[cap-talk] Confused Deputies and Rights Amplification

Charles Landau clandau at macslab.com
Tue Feb 19 23:14:56 EST 2008

At 1:48 PM -0500 2/4/08, Jonathan S. Shapiro wrote:
>Norm will jump in if I get this wrong, but I think it is safe to say
>that both of us feel that no rights amplification operation should exist
>in a properly designed capability system.
>Or at least, that was his initial position, which gave both of us some
>discomfort about the can-opener operation in KeyKOS/EROS.
>Subsequently, I have modified my stance on this. It seems fairly clear
>   Any rights amplification operation that could, in principle, have
>   been accomplished in the absence of the amplification operation
>   (perhaps with a much higher storage or computational cost). Is
>   not, strictly speaking, a rights amplification operation at all,
>   and MAY be acceptable if it is implemented with sufficient care.

>I guess I would add one other qualifier. There are certain patterns,
>such as seal/unseal, that CAN be implemented without an amplify
>operation, but can only be implemented sensibly if 'eq' is available,
>and can only be implemented efficiently if something like "keybits" is
>available.  The decision to admit EQ into a design is a fairly
>fundamental decision.

That has always been my belief. Indeed, I don't know how to show that 
any rights amplification operation is safe, if it doesn't obey the 
above. And this is the reason I believe EQ is a necessary operation.

>One view of the debate is that EQ, by virtue of
>violating identity encapsulation, is itself a rights amplifying

We said above that in a system with EQ but without other rights 
amplification primitives, you can theoretically implement rights 

It would be interesting if it were possible to show that in a system 
with rights amplification but without EQ, you can theoretically 
implement EQ.

>Oh. The essence of the user-mode implementation of canopener is that the
>fabricator of processes with a particular brand can maintain a private
>copy of all of the capabilities that it fabricates. Cracking open an
>Endpoint for this purpose (equivalently: a red segment) is borderline,
>but can be viewed as providing only a trivial extension of the notion of

To clarify: In KeyKOS/EROS/CapROS, when you send a message to a red 
segment/wrapper/forwarder, the message goes to the object's 
keeper/keeper/target, which is a start cap to some process.

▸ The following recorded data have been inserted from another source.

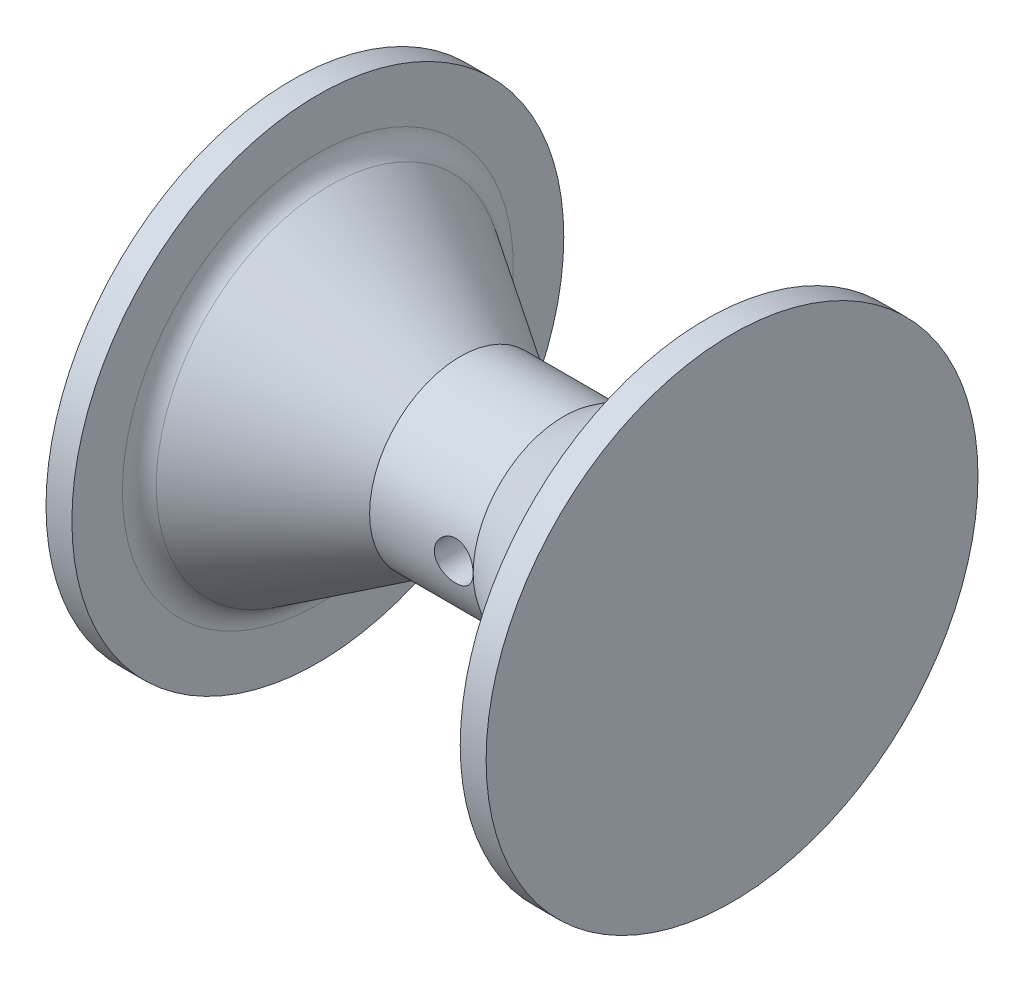
from build123d import *

# Parameters (mm, degrees)
MOTOR_SHAFT_DEPTH  = 13
SKETCH4_R          = 1.5
STRING_HOLES_DEPTH = 17.5
FILLET1_R          = 2


with BuildPart() as part:
    # Sketch2 → Revolve1 (revolve)
    with BuildSketch(Plane.XY, mode=Mode.PRIVATE) as revolve1_sk:
        Polygon((15, 14), (15, 19), (17, 19), (17, 0), (-17, 0), (-17, 19), (-15, 19), (-15, 14), (-4, 7), (4, 7), align=None)
    revolve(revolve1_sk.sketch.rotate(Axis((0, 0, 0), (1, 0, 0)), 90), axis=Axis((0, 0, 0), (1, 0, 0)))

    # Sketch3 → motor shaft (cut)
    with BuildSketch(Plane.ZY.offset(17)):
        with BuildLine():
            Line((2.9, 1.574801575), (2.9, -1.574801575))
            ThreePointArc((2.9, -1.574801575), (-3.3, 0), (2.9, 1.574801575))
        make_face()
    extrude(amount=-MOTOR_SHAFT_DEPTH, mode=Mode.SUBTRACT)

    # Sketch4 → string holes (cut, symmetric)
    with BuildSketch(Plane.XY):
        with Locations((2.5, 0)):
            Circle(SKETCH4_R)
    extrude(amount=STRING_HOLES_DEPTH, both=True, mode=Mode.SUBTRACT)

    # Fillet1
    fillet1_edges = [part.edges().sort_by_distance(p)[0] for p in [
        (15, 0, -14),
        (-15, 0, -14),
    ]]
    fillet(fillet1_edges, radius=FILLET1_R)


solid = part.part
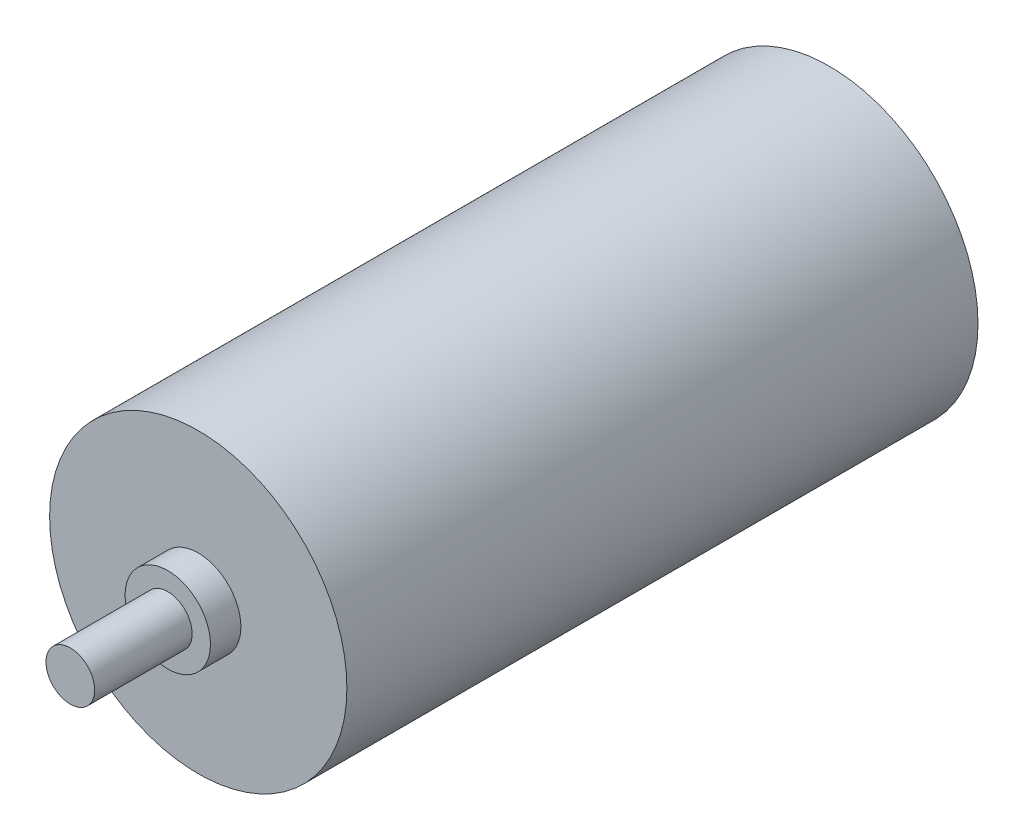
from build123d import *

# Parameters (mm, degrees)
SKETCH_1_R      = 12.2
EXTRUDE_1_DEPTH = 51.8
SKETCH_5_R      = 3.5
EXTRUDE_3_DEPTH = 2.5
SKETCH_6_R      = 2
EXTRUDE_4_DEPTH = 8


with BuildPart() as part:
    # 草图1 → 凸台-拉伸1 (new body)
    with BuildSketch(Plane.XY):
        with Locations(Location((0, 0, 0), (0, 0, 180))):
            Circle(SKETCH_1_R)
    extrude(amount=EXTRUDE_1_DEPTH)

    # 草图5 → 凸台-拉伸3 (add)
    with BuildSketch(Plane.XY.offset(51.8)):
        Circle(SKETCH_5_R)
    extrude(amount=EXTRUDE_3_DEPTH)

    # 草图6 → 凸台-拉伸4 (add)
    with BuildSketch(Plane.XY.offset(54.3)):
        Circle(SKETCH_6_R)
    extrude(amount=EXTRUDE_4_DEPTH)


solid = part.part

An 
amplified (non-opaque) cap to the red segment/wrapper/forwarder is 
added to the message. (The argument that *this* amplification is 
implementable with EQ is left as an exercise to the reader.) The 
fabricator of processes could theoretically call the object to be 
amplified, then observe all the processes it fabricated and, using 
EQ, see if any of them received the (unique) reply cap to the caller. 
If so, it can retrieve the amplified cap. So the argument is, since 
this form of amplification can be implemented with only EQ using 
destructive testing, it is OK to provide a primitive operation that 
is efficient and nondestructive.

At 7:20 PM -0800 2/19/08, Norman Hardy wrote:
>Actually the can opener was O(n). It was for pure convenience and 
>nominally to bundle authority.
>As we used it each programmer would have his own can opener for the 
>things he had programmed.

I can't find "canopener" in the KeyKOS document. Are you both talking 
about the key-indexed directory? It did not do amplification, just EQ.